The website is here http://www.thesilvervaults.com/

Electronics and Computers

The best computer hardware stores are traditionally found on Tottenham Court Road - BUT be careful ! These shops sometimes move their front door, from one side of their frontage to the other. This makes them (legally) a different shop, which makes any guarantee Worthless.
See for information, http://www.pcr-online.biz/features/1/Mystery-Shopper-Tottenham-Court-Road
Nowadays of course, buying these items online is often cheaper.

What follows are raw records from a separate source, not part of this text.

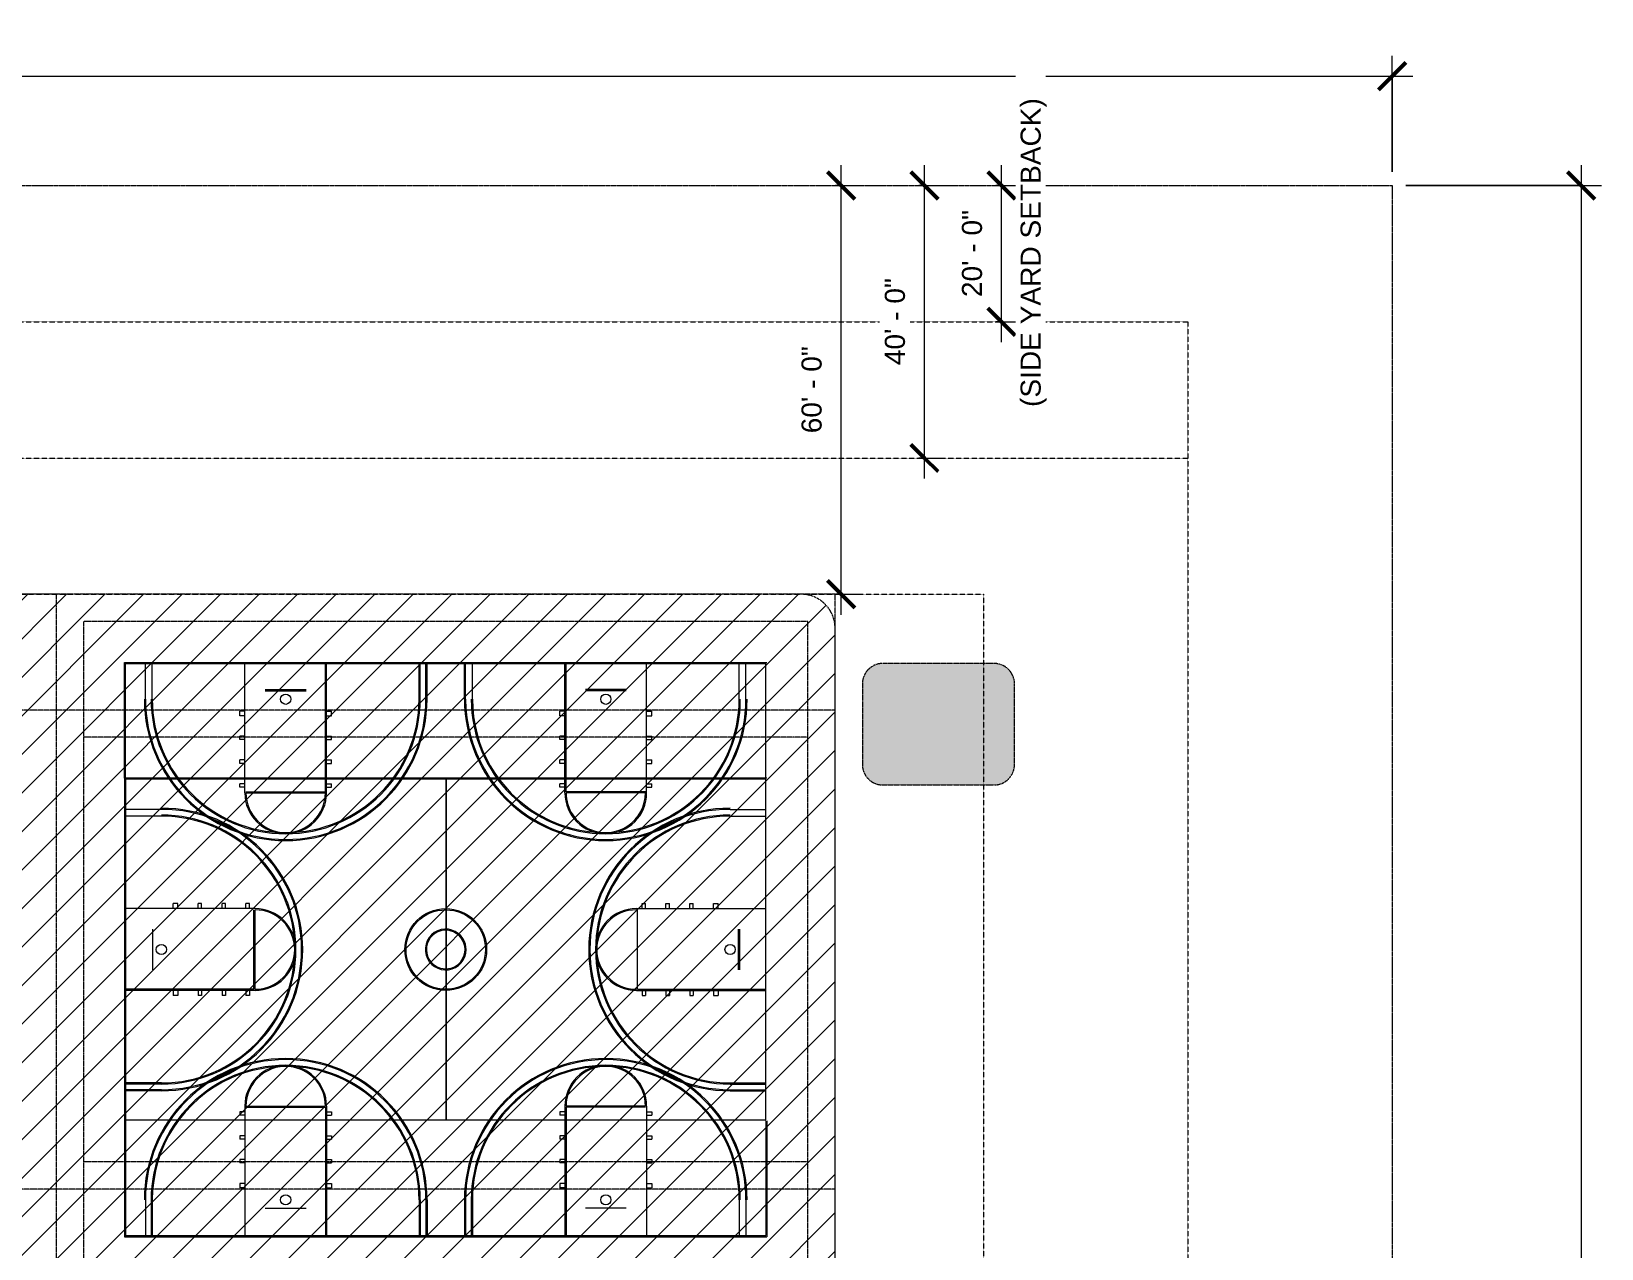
# Model space of a CAD drawing. Header units: inches. Extents: x 15868 to 47478, y -26121 to 7059.
# Drawn here: x 44711 to 47478, y -21343 to -19198 of the extents above; entities that cross this region are included whole.
import ezdxf

# ---------------------------------------------------------------- set-up
doc = ezdxf.new("R2010")
doc.units = ezdxf.units.IN
doc.header["$MEASUREMENT"] = 0
for name, pattern in [('Center', [1.25, 0.25, -0.1875, 0.625, -0.1875]), ('Hidden', [0.28125, 0.1875, -0.09375]), ('Hidden 1_8_', [0.1875, 0.125, -0.0625])]:
    doc.linetypes.add(name, pattern=pattern)
for name, color, linetype, lineweight in [('A-ANNO-DIMS', 211, 'Continuous', 9), ('A-ANNO-DIMS-384', 211, 'Continuous', 9), ('A-DETL', 90, 'Continuous', 9), ('A-DETL-GENF', 92, 'Continuous', 9), ('A-DETL-HDLN', 90, 'Hidden 1_8_', 9)]:
    doc.layers.add(name, color=color, linetype=linetype, lineweight=lineweight)
doc.styles.add('Arial', font='arial.ttf', dxfattribs={"height": 35.407186})
doc.dimstyles.new('Linear_-_3_32__Arial', dxfattribs={"dimscale": 12, "dimtxt": 36, "dimasz": 4, "dimexe": 3, "dimexo": 2, "dimgap": 2, "dimtad": 1, "dimdec": 0, "dimzin": 1, "dimdsep": 46, "dimlunit": 4, "dimtxsty": 'Arial', "dimblk1": 'OBLIQUE', "dimblk2": 'OBLIQUE', "dimsah": 1, "dimcen": 0.09, "dimdle": 3, "dimazin": 0, "dimtfac": 1, "dimtdec": 4, "dimtix": 1, "dimtmove": 0, "dimatfit": 3, "dimfxl": 1, "dimtvp": 1, "dimtfill": 1, "dimfrac": 2, "dimtolj": 1, "dimtzin": 0, "dimarcsym": 2})

# ---------------------------------------------------------------- blocks, each defined once
blk = doc.blocks.new('DIMBLOCK11-Level 1')
at = {"layer": 'A-ANNO-DIMS-384', "lineweight": 50}
for p, q in [((47441.8, -19470.1), (47417.8, -19446.1)), ((47441.8, -19470.1), (47465.8, -19494.1)), ((47441.8, -25716.4), (47417.8, -25692.4)), ((47441.8, -25716.4), (47465.8, -25740.4))]:
    blk.add_line(p, q, dxfattribs=at)
at = {"layer": 'A-ANNO-DIMS-384'}
for p, q in [((47441.8, -19434.1), (47441.8, -25752.4)), ((47133, -19470.1), (47477.8, -19470.1)), ((47441.8, -19470.1), (47133, -19470.1)), ((47133, -25716.4), (47477.8, -25716.4)), ((47441.8, -25716.4), (47133, -25716.4))]:
    blk.add_line(p, q, dxfattribs=at)
at = {"layer": 'A-ANNO-DIMS-384', "color": 0, "insert": (47371.9, -22683.2), "char_height": 35.41, "width": 216, "attachment_point": 1, "rotation": 90, "line_spacing_factor": 0.938532, "style": 'Arial', "bg_fill": 3, "box_fill_scale": 1.25, "bg_fill_color": 0, "bg_fill_transparency": 0}
blk.add_mtext('520\' - 6"', dxfattribs=at)
blk = doc.blocks.new('_Oblique')
at = {"color": 0, "linetype": 'ByBlock', "lineweight": -2}
blk.add_line((-0.5, -0.5), (0.5, 0.5), dxfattribs=at)
blk = doc.blocks.new('DIMBLOCK13-Level 1')
at = {"layer": 'A-ANNO-DIMS-384'}
for p, q in [((39068.4, -19446.1), (39068.4, -19241.2)), ((47109, -19446.1), (47109, -19241.2)), ((39032.4, -19277.2), (47145, -19277.2)), ((39068.4, -19277.2), (39068.4, -19446.1)), ((47109, -19277.2), (47109, -19446.1))]:
    blk.add_line(p, q, dxfattribs=at)
at = {"layer": 'A-ANNO-DIMS-384', "lineweight": 50}
for p, q in [((39068.4, -19277.2), (39092.4, -19253.2)), ((47109, -19277.2), (47133, -19253.2)), ((39068.4, -19277.2), (39044.4, -19301.2)), ((47109, -19277.2), (47085, -19301.2))]:
    blk.add_line(p, q, dxfattribs=at)
at = {"layer": 'A-ANNO-DIMS-384', "color": 0, "insert": (42998.7, -19207.2), "char_height": 35.41, "width": 216, "attachment_point": 1, "line_spacing_factor": 0.938532, "style": 'Arial', "bg_fill": 3, "box_fill_scale": 1.25, "bg_fill_color": 0, "bg_fill_transparency": 0}
blk.add_mtext('670\' - 1"', dxfattribs=at)
blk = doc.blocks.new('DIMBLOCK14-Level 1')
at = {"layer": 'A-ANNO-DIMS-384', "lineweight": 50}
for p, q in [((46138.2, -19470.1), (46114.2, -19446.1)), ((46138.2, -19470.1), (46162.2, -19494.1)), ((46138.2, -20190.1), (46114.2, -20166.1)), ((46138.2, -20190.1), (46162.2, -20214.1))]:
    blk.add_line(p, q, dxfattribs=at)
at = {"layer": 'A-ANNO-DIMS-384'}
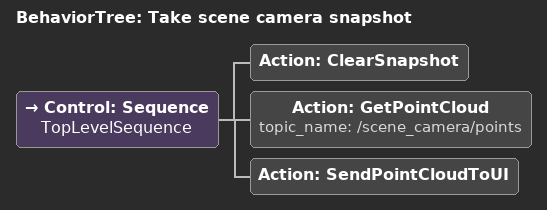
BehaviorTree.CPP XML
<?xml version='1.0' encoding='utf-8'?>
<root BTCPP_format="4" main_tree_to_execute="Take scene camera snapshot">
  <BehaviorTree ID="Take scene camera snapshot" _description="Capture a point cloud snapshot of the scene camera and send it to the UI">
    <Control ID="Sequence" name="TopLevelSequence">
      <!--Clear out old snapshot data-->
      <Action ID="ClearSnapshot"/>
      <Action ID="GetPointCloud" topic_name="/scene_camera/points"/>
      <Action ID="SendPointCloudToUI"/>
    </Control>
  </BehaviorTree>
</root>

How to count in Roman Numerals

Many buildings have the construction date written in stone, using Roman Numerals.
These can be bemusing until you know that you should subtract as well as add; like this :
I is 1.
V is 5.
X is 10.
L is 50.
C is 100.
D is 500.
M is 1000.
Read the numbers from left to right. You either add or subtract. If the next number is smaller, you add them. If the next number is bigger, you subtract.
MCM = 1900 (1,000 plus ... 100 before 1,000)
MCMLXXXII = 1982
MCMLXXIV = 1974. That's 1000 + 900 + 50 + 10 + 10 + 4
MDCCC = 1800
MDCC = 1700
MDC = 1600
MD = 1500
MCD = 1400
MCCC = 1300
MCC = 1200
MC = 1100
That should cover most of the dates that you will see on buildings.
You can read more at http://en.wikipedia.org/wiki/Roman_numerals

Great Fire Of London

Most of London (City area) was destroyed in the Great Fire (1666), read details at http://en.wikipedia.org/wiki/Great_Fire_of_London

Plague

The Plague started around 1340 and continued on and off until 1666; when London was destroyed by the fire.
read http://www.britainexpress.com/History/plague.htm
and
http://www.bbc.co.uk/history/british/middle_ages/black_01.shtml

Many churches bear evidence of plague, you need to research elsewhere for details.
It is still illegal for construction work in many places in London, since digging the foundations would disturb the plague pits where thousands of people were hurridly buried, for fear that the Plague would return.